Market course hinges on macro data
Spurred by the progress on vaccine front, indications of V-shaped recovery of economic activity on domestic front, record FII inflows and positive global cues; markets extended their winning streak for sixth consecutive week
Spurred by the progress on vaccine front, indications of V-shaped recovery of economic activity on domestic front, record FII inflows and positive global cues; markets extended their winning streak for sixth consecutive week. Benchmark indices continued to hit fresh record highs in the week ended. On BSE, the Sensex crossed 46,000 for the first time, adding 1,019.46 points in the past week, while NSE Nifty gained 255.35 points to end at 13,513.90.
In the month till now, FIIs purchased equities worth Rs 26,927.66 crore and DIIs sold equities worth Rs 18,625.86 crore.
Taking cue from frontline indices, the broader markets also performed impressively with Nifty Midcap and Smallcap indices gaining around 1 per cent and 2 per cent, respectively.
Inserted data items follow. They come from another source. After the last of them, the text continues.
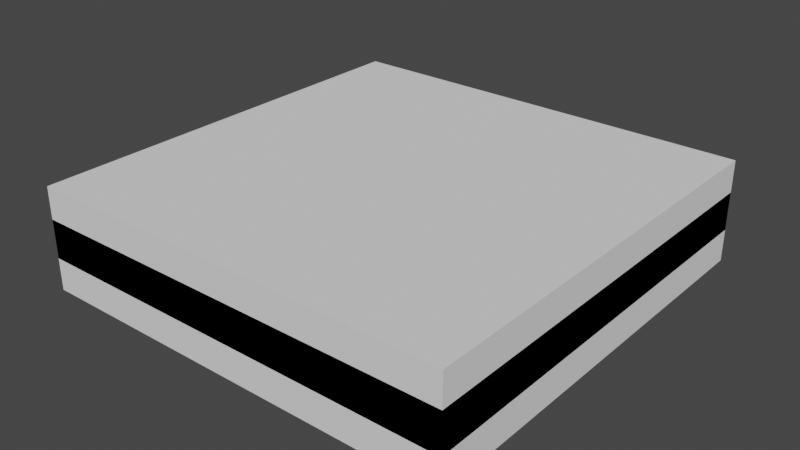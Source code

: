 # Source: lvl2.blend  (saved by Blender 3.4.6; exported with 4.5.12 LTS)
import bpy
from mathutils import Matrix  # noqa: F401  (used for matrix-valued properties, if any)

bpy.ops.wm.read_factory_settings(use_empty=True)
scene = bpy.context.scene
scene.name = 'Scene'

# ---- collections
col_lvl2_svg = bpy.data.collections.new('lvl2.svg'); scene.collection.children.link(col_lvl2_svg)

# ---- materials (node trees are filled in below, after node groups)
mat_svgmat_005 = bpy.data.materials.new('SVGMat.005')
mat_svgmat_005.use_transparent_shadow = False
mat_svgmat_005.diffuse_color = (0.0, 0.0, 0.0, 1.0)

# ---- material node trees

# ---- world
world_world = bpy.data.worlds.new('World'); scene.world = world_world
world_world.use_nodes = True; world_world.node_tree.nodes.clear()
_N = world_world.node_tree.nodes; _L = world_world.node_tree.links
n0 = _N.new('ShaderNodeOutputWorld'); n0.name = 'World Output'; n0.location = (300, 300)
n1 = _N.new('ShaderNodeBackground'); n1.name = 'Background'; n1.location = (10, 300)
n1.inputs[0].default_value = (0.05088, 0.05088, 0.05088, 1.0)
_L.new(n1.outputs[0], n0.inputs[0])
n0.is_active_output = True
world_world.color = (0.05088, 0.05088, 0.05088)
world_world.use_sun_shadow = False
world_world.sun_shadow_jitter_overblur = 0.0

# ---- meshes
me_curve_006 = bpy.data.meshes.new('Curve.006')
me_curve_006.from_pydata([(0.0056, 0.005599, 0.09719), (0.0, 0.0112, 0.0), (0.00336, 0.0112, 0.0), (0.006721, 0.0112, 0.0), (0.01008, 0.0112, 0.09719), (0.006721, 0.01008, 0.0), (0.007841, 0.007839, 0.09719), (0.00448, 0.01008, 0.0), (0.01232, 0.00224, 0.09719), (0.00448, 0.008959, 0.0), (0.0, 0.0112, 0.09719), (0.006721, 0.008959, 0.0), (0.007841, 0.0112, 0.09719), (0.006721, 0.004479, 0.0), (0.0112, 0.00224, 0.09719), (0.007841, 0.004479, 0.0), (0.00448, 0.008959, 0.09719), (0.007841, 0.006719, 0.0), (0.01008, 0.007839, 0.09719), (0.008961, 0.006719, 0.0), (0.00448, 0.005599, 0.09719), (0.008961, 0.00336, 0.0), (0.008961, 0.0112, 0.09719), (0.0056, 0.00336, 0.0), (0.01232, 0.01232, 0.09719), (0.0056, 0.005599, 0.0), (0.0, 0.01232, 0.09719), (0.00448, 0.005599, 0.0), (0.006721, 0.01008, 0.09719), (0.00448, 0.00336, 0.0), (0.008961, 0.006719, 0.09719), (0.00224, 0.00336, 0.0), (0.006721, 0.004479, 0.09719), (0.00224, 0.00224, 0.0), (0.007841, 0.004479, 0.09719), (0.01008, 0.00224, 0.0), (0.01008, 0.008959, 0.09719), (0.01008, 0.007839, 0.0), (0.006721, 0.008959, 0.09719), (0.007841, 0.007839, 0.0), (0.007841, 0.006719, 0.09719), (0.007841, 0.0112, 0.0), (0.008401, 0.0112, 0.0), (0.008961, 0.0112, 0.0), (0.008961, 0.00336, 0.09719), (0.008961, 0.008959, 0.0), (0.006721, 0.0112, 0.09719), (0.01008, 0.008959, 0.0), (0.008401, 0.0112, 0.09719), (0.01008, 0.0112, 0.0), (0.00448, 0.01008, 0.09719), (0.0112, 0.0112, 0.0), (0.0112, 0.0112, 0.09719), (0.0112, 0.00224, 0.0), (0.00336, 0.0112, 0.09719), (0.01232, 0.00224, 0.0), (0.008961, 0.008959, 0.09719), (0.01232, 0.01232, 0.0), (0.01008, 0.00224, 0.09719), (0.0, 0.01232, 0.0), (0.00448, 0.00336, 0.09719), (0.0056, 0.00336, 0.09719), (0.00224, 0.00336, 0.09719), (0.00224, 0.00224, 0.09719)], [], [(35, 37, 18, 58), (5, 7, 50, 28), (4, 22, 56, 36), (2, 1, 51), (3, 2, 51), (55, 57, 24, 8), (41, 3, 51), (49, 51, 52, 4), (42, 41, 51), (43, 42, 51), (41, 42, 48, 12), (49, 43, 51), (27, 29, 60, 20), (12, 52, 46), (47, 49, 4, 36), (1, 2, 54, 10), (29, 31, 62, 60), (19, 21, 44, 30), (25, 27, 20, 0), (41, 39, 37, 35, 33, 31, 29, 27, 25, 23, 21, 19, 17, 15, 13, 11, 9, 7, 5, 3), (2, 3, 46, 54), (24, 26, 10, 52, 14, 8), (57, 55, 53, 51, 1, 59), (11, 13, 32, 38), (46, 52, 54), (7, 9, 16, 50), (53, 55, 8, 14), (39, 41, 12, 6), (42, 43, 22, 48), (15, 17, 40, 34), (45, 47, 36, 56), (21, 23, 61, 44), (59, 1, 10, 26), (57, 59, 26, 24), (31, 33, 63, 62), (23, 25, 0, 61), (51, 53, 14, 52), (43, 45, 56, 22), (13, 15, 34, 32), (49, 47, 45, 43), (48, 52, 12), (33, 35, 58, 63), (3, 5, 28, 46), (12, 46, 28, 50, 16, 38, 32, 34, 40, 30, 44, 61, 0, 20, 60, 62, 63, 58, 18, 6), (4, 52, 22), (37, 39, 6, 18), (17, 19, 30, 40), (22, 52, 48), (54, 52, 10), (9, 11, 38, 16)])
_uv = me_curve_006.uv_layers.new(name='UVMap')
_uv.uv.foreach_set('vector', [0.5932, 0.0, 0.6271, 0.0, 0.6271, 0.0, 0.5932, 0.0, 0.08475, 0.0, 0.1186, 0.0, 0.1186, 0.0, 0.08475, 0.0, 0.8305, 0.0, 0.7288, 0.0, 0.7627, 0.0, 0.7966, 0.0, 0.0339, 0.0, 0.01695, 0.0, 0.8644, 0.0, 0.05085, 0.0, 0.0339, 0.0, 0.8644, 0.0, 0.9322, 0.0, 0.9661, 0.0, 0.9661, 0.0, 0.9322, 0.0, 0.6949, 0.0, 0.05085, 0.0, 0.8644, 0.0, 0.8305, 0.0, 0.8644, 0.0, 0.8644, 0.0, 0.8305, 0.0, 0.7119, 0.0, 0.6949, 0.0, 0.8644, 0.0, 0.7288, 0.0, 0.7119, 0.0, 0.8644, 0.0, 0.6949, 0.0, 0.7119, 0.0, 0.7119, 0.0, 0.6949, 0.0, 0.8305, 0.0, 0.7288, 0.0, 0.8644, 0.0, 0.4576, 0.0, 0.4915, 0.0, 0.4915, 0.0, 0.4576, 0.0, 0.6949, 0.0, 0.8644, 0.0, 0.05085, 0.0, 0.7966, 0.0, 0.8305, 0.0, 0.8305, 0.0, 0.7966, 0.0, 0.01695, 0.0, 0.0339, 0.0, 0.0339, 0.0, 0.01695, 0.0, 0.4915, 0.0, 0.5254, 0.0, 0.5254, 0.0, 0.4915, 0.0, 0.322, 0.0, 0.3559, 0.0, 0.3559, 0.0, 0.322, 0.0, 0.4237, 0.0, 0.4576, 0.0, 0.4576, 0.0, 0.4237, 0.0, 0.6949, 0.0, 0.661, 0.0, 0.6271, 0.0, 0.5932, 0.0, 0.5593, 0.0, 0.5254, 0.0, 0.4915, 0.0, 0.4576, 0.0, 0.4237, 0.0, 0.3898, 0.0, 0.3559, 0.0, 0.322, 0.0, 0.2881, 0.0, 0.2542, 0.0, 0.2203, 0.0, 0.1864, 0.0, 0.1525, 0.0, 0.1186, 0.0, 0.08475, 0.0, 0.05085, 0.0, 0.0339, 0.0, 0.05085, 0.0, 0.05085, 0.0, 0.0339, 0.0, 0.9661, 0.0, 1.0, 0.0, 0.01695, 0.0, 0.8644, 0.0, 0.8983, 0.0, 0.9322, 0.0, 0.9661, 0.0, 0.9322, 0.0, 0.8983, 0.0, 0.8644, 0.0, 0.01695, 0.0, 1.0, 0.0, 0.1864, 0.0, 0.2203, 0.0, 0.2203, 0.0, 0.1864, 0.0, 0.05085, 0.0, 0.8644, 0.0, 0.0339, 0.0, 0.1186, 0.0, 0.1525, 0.0, 0.1525, 0.0, 0.1186, 0.0, 0.8983, 0.0, 0.9322, 0.0, 0.9322, 0.0, 0.8983, 0.0, 0.661, 0.0, 0.6949, 0.0, 0.6949, 0.0, 0.661, 0.0, 0.7119, 0.0, 0.7288, 0.0, 0.7288, 0.0, 0.7119, 0.0, 0.2542, 0.0, 0.2881, 0.0, 0.2881, 0.0, 0.2542, 0.0, 0.7627, 0.0, 0.7966, 0.0, 0.7966, 0.0, 0.7627, 0.0, 0.3559, 0.0, 0.3898, 0.0, 0.3898, 0.0, 0.3559, 0.0, 1.0, 0.0, 0.01695, 0.0, 0.01695, 0.0, 1.0, 0.0, 0.9661, 0.0, 1.0, 0.0, 1.0, 0.0, 0.9661, 0.0, 0.5254, 0.0, 0.5593, 0.0, 0.5593, 0.0, 0.5254, 0.0, 0.3898, 0.0, 0.4237, 0.0, 0.4237, 0.0, 0.3898, 0.0, 0.8644, 0.0, 0.8983, 0.0, 0.8983, 0.0, 0.8644, 0.0, 0.7288, 0.0, 0.7627, 0.0, 0.7627, 0.0, 0.7288, 0.0, 0.2203, 0.0, 0.2542, 0.0, 0.2542, 0.0, 0.2203, 0.0, 0.8305, 0.0, 0.7966, 0.0, 0.7627, 0.0, 0.7288, 0.0, 0.7119, 0.0, 0.8644, 0.0, 0.6949, 0.0, 0.5593, 0.0, 0.5932, 0.0, 0.5932, 0.0, 0.5593, 0.0, 0.05085, 0.0, 0.08475, 0.0, 0.08475, 0.0, 0.05085, 0.0, 0.6949, 0.0, 0.05085, 0.0, 0.08475, 0.0, 0.1186, 0.0, 0.1525, 0.0, 0.1864, 0.0, 0.2203, 0.0, 0.2542, 0.0, 0.2881, 0.0, 0.322, 0.0, 0.3559, 0.0, 0.3898, 0.0, 0.4237, 0.0, 0.4576, 0.0, 0.4915, 0.0, 0.5254, 0.0, 0.5593, 0.0, 0.5932, 0.0, 0.6271, 0.0, 0.661, 0.0, 0.8305, 0.0, 0.8644, 0.0, 0.7288, 0.0, 0.6271, 0.0, 0.661, 0.0, 0.661, 0.0, 0.6271, 0.0, 0.2881, 0.0, 0.322, 0.0, 0.322, 0.0, 0.2881, 0.0, 0.7288, 0.0, 0.8644, 0.0, 0.7119, 0.0, 0.0339, 0.0, 0.8644, 0.0, 0.01695, 0.0, 0.1525, 0.0, 0.1864, 0.0, 0.1864, 0.0, 0.1525, 0.0])
me_curve_006.materials.append(mat_svgmat_005)
me_curve_006.auto_texspace = False
me_curve_006.update()
me_curve_007 = bpy.data.meshes.new('Curve.007')
me_curve_007.from_pydata([(0.00112, 0.00112, 0.09719), (0.0, -9.313e-10, 0.0), (0.0, -9.313e-10, 0.09719), (0.01232, -9.313e-10, 0.0), (0.00336, 0.007839, 0.09719), (0.01232, 0.00112, 0.0), (0.0056, 0.006719, 0.09719), (0.00112, 0.00112, 0.0), (0.00336, 0.004479, 0.09719), (0.00112, 0.004479, 0.0), (0.0, 0.01008, 0.09719), (0.00336, 0.004479, 0.0), (0.00224, 0.01008, 0.09719), (0.00336, 0.006719, 0.0), (0.00112, 0.004479, 0.09719), (0.0056, 0.006719, 0.0), (0.0056, 0.007839, 0.09719), (0.0056, 0.007839, 0.0), (0.00336, 0.006719, 0.09719), (0.00336, 0.007839, 0.0), (0.01232, 0.00112, 0.09719), (0.00336, 0.01008, 0.0), (0.00112, 0.005599, 0.09719), (0.00224, 0.01008, 0.0), (0.00112, 0.01008, 0.09719), (0.00224, 0.005599, 0.0), (0.00336, 0.01008, 0.09719), (0.00112, 0.005599, 0.0), (0.00224, 0.005599, 0.09719), (0.00112, 0.01008, 0.0), (0.01232, -9.313e-10, 0.09719), (0.0, 0.01008, 0.0), (0.0, 0.01008, -3.725e-09), (0.0, 0.0112, -3.725e-09), (0.00112, 0.01008, 3.725e-09), (0.00112, 0.0112, 3.725e-09), (0.0, 0.01008, 0.09719), (0.0, 0.0112, 0.09719), (0.00112, 0.01008, 0.09719), (0.00112, 0.0112, 0.09719), (0.01232, 0.00224, 3.725e-09), (0.01232, 0.00112, 3.725e-09), (0.0112, 0.00224, -3.725e-09), (0.0112, 0.00112, -3.725e-09), (0.01232, 0.00224, 0.09719), (0.01232, 0.00112, 0.09719), (0.0112, 0.00224, 0.09719), (0.0112, 0.00112, 0.09719)], [], [(17, 19, 4, 16), (13, 15, 6, 18), (11, 13, 18, 8), (19, 21, 26, 4), (5, 7, 0, 20), (31, 1, 2, 10), (25, 27, 22, 28), (15, 17, 16, 6), (9, 11, 8, 14), (23, 25, 28, 12), (27, 29, 24, 22), (21, 23, 12, 26), (2, 30, 20, 0, 14, 8, 18, 6, 16, 4, 26, 12, 28, 22, 24, 10), (29, 31, 10, 24), (7, 9, 14, 0), (1, 31, 29, 27, 25, 23, 21, 19, 17, 15, 13, 11, 9, 7, 5, 3), (3, 5, 20, 30), (1, 3, 30, 2), (32, 33, 35, 34), (34, 35, 39, 38), (38, 39, 37, 36), (36, 37, 33, 32), (34, 38, 36, 32), (39, 35, 33, 37), (40, 41, 43, 42), (42, 43, 47, 46), (46, 47, 45, 44), (44, 45, 41, 40), (42, 46, 44, 40), (47, 43, 41, 45)])
_uv = me_curve_007.uv_layers.new(name='UVMap')
_uv.uv.foreach_set('vector', [0.5484, 0.0, 0.6129, 0.0, 0.6129, 0.0, 0.5484, 0.0, 0.4194, 0.0, 0.4839, 0.0, 0.4839, 0.0, 0.4194, 0.0, 0.3548, 0.0, 0.4194, 0.0, 0.4194, 0.0, 0.3548, 0.0, 0.6129, 0.0, 0.6774, 0.0, 0.6774, 0.0, 0.6129, 0.0, 0.1613, 0.0, 0.2258, 0.0, 0.2258, 0.0, 0.1613, 0.0, 1.0, 0.0, 0.03226, 0.0, 0.03226, 0.0, 1.0, 0.0, 0.8065, 0.0, 0.871, 0.0, 0.871, 0.0, 0.8065, 0.0, 0.4839, 0.0, 0.5484, 0.0, 0.5484, 0.0, 0.4839, 0.0, 0.2903, 0.0, 0.3548, 0.0, 0.3548, 0.0, 0.2903, 0.0, 0.7419, 0.0, 0.8065, 0.0, 0.8065, 0.0, 0.7419, 0.0, 0.871, 0.0, 0.9355, 0.0, 0.9355, 0.0, 0.871, 0.0, 0.6774, 0.0, 0.7419, 0.0, 0.7419, 0.0, 0.6774, 0.0, 0.03226, 0.0, 0.09677, 0.0, 0.1613, 0.0, 0.2258, 0.0, 0.2903, 0.0, 0.3548, 0.0, 0.4194, 0.0, 0.4839, 0.0, 0.5484, 0.0, 0.6129, 0.0, 0.6774, 0.0, 0.7419, 0.0, 0.8065, 0.0, 0.871, 0.0, 0.9355, 0.0, 1.0, 0.0, 0.9355, 0.0, 1.0, 0.0, 1.0, 0.0, 0.9355, 0.0, 0.2258, 0.0, 0.2903, 0.0, 0.2903, 0.0, 0.2258, 0.0, 0.03226, 0.0, 1.0, 0.0, 0.9355, 0.0, 0.871, 0.0, 0.8065, 0.0, 0.7419, 0.0, 0.6774, 0.0, 0.6129, 0.0, 0.5484, 0.0, 0.4839, 0.0, 0.4194, 0.0, 0.3548, 0.0, 0.2903, 0.0, 0.2258, 0.0, 0.1613, 0.0, 0.09677, 0.0, 0.09677, 0.0, 0.1613, 0.0, 0.1613, 0.0, 0.09677, 0.0, 0.03226, 0.0, 0.09677, 0.0, 0.09677, 0.0, 0.03226, 0.0, 0.375, 0.0, 0.625, 0.0, 0.625, 0.25, 0.375, 0.25, 0.375, 0.25, 0.625, 0.25, 0.625, 0.5, 0.375, 0.5, 0.375, 0.5, 0.625, 0.5, 0.625, 0.75, 0.375, 0.75, 0.375, 0.75, 0.625, 0.75, 0.625, 1.0, 0.375, 1.0, 0.125, 0.5, 0.375, 0.5, 0.375, 0.75, 0.125, 0.75, 0.625, 0.5, 0.875, 0.5, 0.875, 0.75, 0.625, 0.75, 0.375, 0.0, 0.625, 0.0, 0.625, 0.25, 0.375, 0.25, 0.375, 0.25, 0.625, 0.25, 0.625, 0.5, 0.375, 0.5, 0.375, 0.5, 0.625, 0.5, 0.625, 0.75, 0.375, 0.75, 0.375, 0.75, 0.625, 0.75, 0.625, 1.0, 0.375, 1.0, 0.125, 0.5, 0.375, 0.5, 0.375, 0.75, 0.125, 0.75, 0.625, 0.5, 0.875, 0.5, 0.875, 0.75, 0.625, 0.75])
me_curve_007.materials.append(mat_svgmat_005)
me_curve_007.auto_texspace = False
me_curve_007.update()
me_cube_007 = bpy.data.meshes.new('Cube.007')
me_cube_007.from_pydata([(-0.5395, -0.5394, -0.0404), (-0.5395, -0.5394, 0.0404), (-0.5395, 0.5394, -0.0404), (-0.5395, 0.5394, 0.0404), (0.5395, -0.5394, -0.0404), (0.5395, -0.5394, 0.0404), (0.5395, 0.5394, -0.0404), (0.5395, 0.5394, 0.0404)], [], [(0, 1, 3, 2), (2, 3, 7, 6), (6, 7, 5, 4), (4, 5, 1, 0), (2, 6, 4, 0), (7, 3, 1, 5)])
_uv = me_cube_007.uv_layers.new(name='UVMap')
_uv.uv.foreach_set('vector', [0.375, 0.0, 0.625, 0.0, 0.625, 0.25, 0.375, 0.25, 0.375, 0.25, 0.625, 0.25, 0.625, 0.5, 0.375, 0.5, 0.375, 0.5, 0.625, 0.5, 0.625, 0.75, 0.375, 0.75, 0.375, 0.75, 0.625, 0.75, 0.625, 1.0, 0.375, 1.0, 0.125, 0.5, 0.375, 0.5, 0.375, 0.75, 0.125, 0.75, 0.625, 0.5, 0.875, 0.5, 0.875, 0.75, 0.625, 0.75])
me_cube_007.update()
me_cube_008 = bpy.data.meshes.new('Cube.008')
me_cube_008.from_pydata([(-0.5395, -0.5394, -0.04), (-0.5395, -0.5394, 0.04), (-0.5395, 0.5394, -0.04), (-0.5395, 0.5394, 0.04), (0.5395, -0.5394, -0.04), (0.5395, -0.5394, 0.04), (0.5395, 0.5394, -0.04), (0.5395, 0.5394, 0.04)], [], [(0, 1, 3, 2), (2, 3, 7, 6), (6, 7, 5, 4), (4, 5, 1, 0), (2, 6, 4, 0), (7, 3, 1, 5)])
_uv = me_cube_008.uv_layers.new(name='UVMap')
_uv.uv.foreach_set('vector', [0.375, 0.0, 0.625, 0.0, 0.625, 0.25, 0.375, 0.25, 0.375, 0.25, 0.625, 0.25, 0.625, 0.5, 0.375, 0.5, 0.375, 0.5, 0.625, 0.5, 0.625, 0.75, 0.375, 0.75, 0.375, 0.75, 0.625, 0.75, 0.625, 1.0, 0.375, 1.0, 0.125, 0.5, 0.375, 0.5, 0.375, 0.75, 0.125, 0.75, 0.625, 0.5, 0.875, 0.5, 0.875, 0.75, 0.625, 0.75])
me_cube_008.update()
me_cube_009 = bpy.data.meshes.new('Cube.009')
me_cube_009.from_pydata([(-0.0486, -0.04905, -0.04461), (-0.0486, -0.04905, 0.04461), (-0.0486, 0.04905, -0.04461), (-0.0486, 0.04905, 0.04461), (0.0486, -0.04905, -0.04461), (0.0486, -0.04905, 0.04461), (0.0486, 0.04905, -0.04461), (0.0486, 0.04905, 0.04461)], [], [(0, 1, 3, 2), (2, 3, 7, 6), (6, 7, 5, 4), (4, 5, 1, 0), (2, 6, 4, 0), (7, 3, 1, 5)])
_uv = me_cube_009.uv_layers.new(name='UVMap')
_uv.uv.foreach_set('vector', [0.375, 0.0, 0.625, 0.0, 0.625, 0.25, 0.375, 0.25, 0.375, 0.25, 0.625, 0.25, 0.625, 0.5, 0.375, 0.5, 0.375, 0.5, 0.625, 0.5, 0.625, 0.75, 0.375, 0.75, 0.375, 0.75, 0.625, 0.75, 0.625, 1.0, 0.375, 1.0, 0.125, 0.5, 0.375, 0.5, 0.375, 0.75, 0.125, 0.75, 0.625, 0.5, 0.875, 0.5, 0.875, 0.75, 0.625, 0.75])
me_cube_009.update()
me_cube_010 = bpy.data.meshes.new('Cube.010')
me_cube_010.from_pydata([(-0.0486, -0.04905, -0.04094), (-0.0486, -0.04905, 0.04094), (-0.0486, 0.04905, -0.04094), (-0.0486, 0.04905, 0.04094), (0.0486, -0.04905, -0.04094), (0.0486, -0.04905, 0.04094), (0.0486, 0.04905, -0.04094), (0.0486, 0.04905, 0.04094)], [], [(0, 1, 3, 2), (2, 3, 7, 6), (6, 7, 5, 4), (4, 5, 1, 0), (2, 6, 4, 0), (7, 3, 1, 5)])
_uv = me_cube_010.uv_layers.new(name='UVMap')
_uv.uv.foreach_set('vector', [0.375, 0.0, 0.625, 0.0, 0.625, 0.25, 0.375, 0.25, 0.375, 0.25, 0.625, 0.25, 0.625, 0.5, 0.375, 0.5, 0.375, 0.5, 0.625, 0.5, 0.625, 0.75, 0.375, 0.75, 0.375, 0.75, 0.625, 0.75, 0.625, 1.0, 0.375, 1.0, 0.125, 0.5, 0.375, 0.5, 0.375, 0.75, 0.125, 0.75, 0.625, 0.5, 0.875, 0.5, 0.875, 0.75, 0.625, 0.75])
me_cube_010.update()

# ---- objects
ob_curve = bpy.data.objects.new('Curve', me_curve_006)
ob_curve_001 = bpy.data.objects.new('Curve.001', me_curve_007)
ob_piso = bpy.data.objects.new('piso', me_cube_007)
ob_techo = bpy.data.objects.new('techo', me_cube_008)
ob_inicio = bpy.data.objects.new('inicio', me_cube_009)
ob_final = bpy.data.objects.new('final', me_cube_010)

# ---- transforms, parenting, visibility, modifiers, constraints
ob_curve.location = (0.0, 0.0, 0.0)
ob_curve.scale = (87.58, 87.58, 1.0)
ob_curve_001.location = (0.0, 0.0, 0.0)
ob_curve_001.scale = (87.58, 87.58, 1.0)
ob_piso.location = (0.5395, 0.5394, -0.0404)
ob_piso.rotation_euler = (-0.0, 3.142, -0.0)
ob_techo.location = (0.5395, 0.5394, 0.1372)
ob_inicio.location = (0.1471, 0.535, 0.0486)
ob_inicio.rotation_euler = (-1.571, -1.571, 0.0)
ob_final.location = (0.9319, 0.9398, 0.0486)
ob_final.rotation_euler = (1.571, -1.571, 0.0)

# ---- collection membership
col_lvl2_svg.objects.link(ob_curve)
col_lvl2_svg.objects.link(ob_curve_001)
col_lvl2_svg.objects.link(ob_piso)
col_lvl2_svg.objects.link(ob_techo)
col_lvl2_svg.objects.link(ob_inicio)
col_lvl2_svg.objects.link(ob_final)

# ---- scene / render settings (as saved in the file)
scene.frame_start = 1; scene.frame_end = 250; scene.frame_set(1)
scene.render.engine = 'BLENDER_EEVEE_NEXT'
scene.cycles.sampling_pattern = 'TABULATED_SOBOL'
scene.cycles.use_light_tree = False
scene.view_settings.view_transform = 'Filmic'
bpy.context.view_layer.update()

# ---- added for rendering (the .blend has no active camera and no usable light): camera, sun
cam_auto = bpy.data.cameras.new('AutoCamera')
cam_auto.lens = 50.0
cam_auto.sensor_width = 36.0
cam_auto.clip_end = 1000.0
ob_auto_camera = bpy.data.objects.new('AutoCamera', cam_auto)
scene.collection.objects.link(ob_auto_camera)
ob_auto_camera.location = (1.97138, -1.17877, 1.19367)
ob_auto_camera.rotation_euler = (1.09748, -7.21219e-08, 0.694738)
scene.camera = ob_auto_camera
light_auto_sun = bpy.data.lights.new('AutoSun', 'SUN')
light_auto_sun.energy = 3.0
light_auto_sun.angle = 0.0523599
ob_auto_sun = bpy.data.objects.new('AutoSun', light_auto_sun)
scene.collection.objects.link(ob_auto_sun)
ob_auto_sun.rotation_euler = (0.872665, 0.174533, 0.523599)
bpy.context.view_layer.update()

It is pertinent to observe that over the past six weeks, the Midcap and Smallcap indices have seen swift upmove of more than 20 per cent. Ahead of the Q3 results season, possibility of temporary breather at higher levels can't be ruled out.
However, such a breather should be capitalised to accumulate quality stocks say market observers. Although the broader market's moves have been muted, there has been a big shift in the stocks and sectors that have outperformed lately.
Investors have turned to groups that are expected to outperform as a vaccine is disseminated and the economy steadily recovers. Industry top guns suggest that post-Covid-19 new world order offers limitless opportunity for India, but for the country to be ready to participate in it, there is a need to establish regulatory standards on data and taxation in general.
Over the weekend, the Reserve Bank of India clarified that borrowers, seeking resolution of their bad debt under the Covid-19 stress scheme as suggested by the KV Kamath Committee, need not submit a resolution plan that the lenders would evaluate, rather, they can simply request by December 31.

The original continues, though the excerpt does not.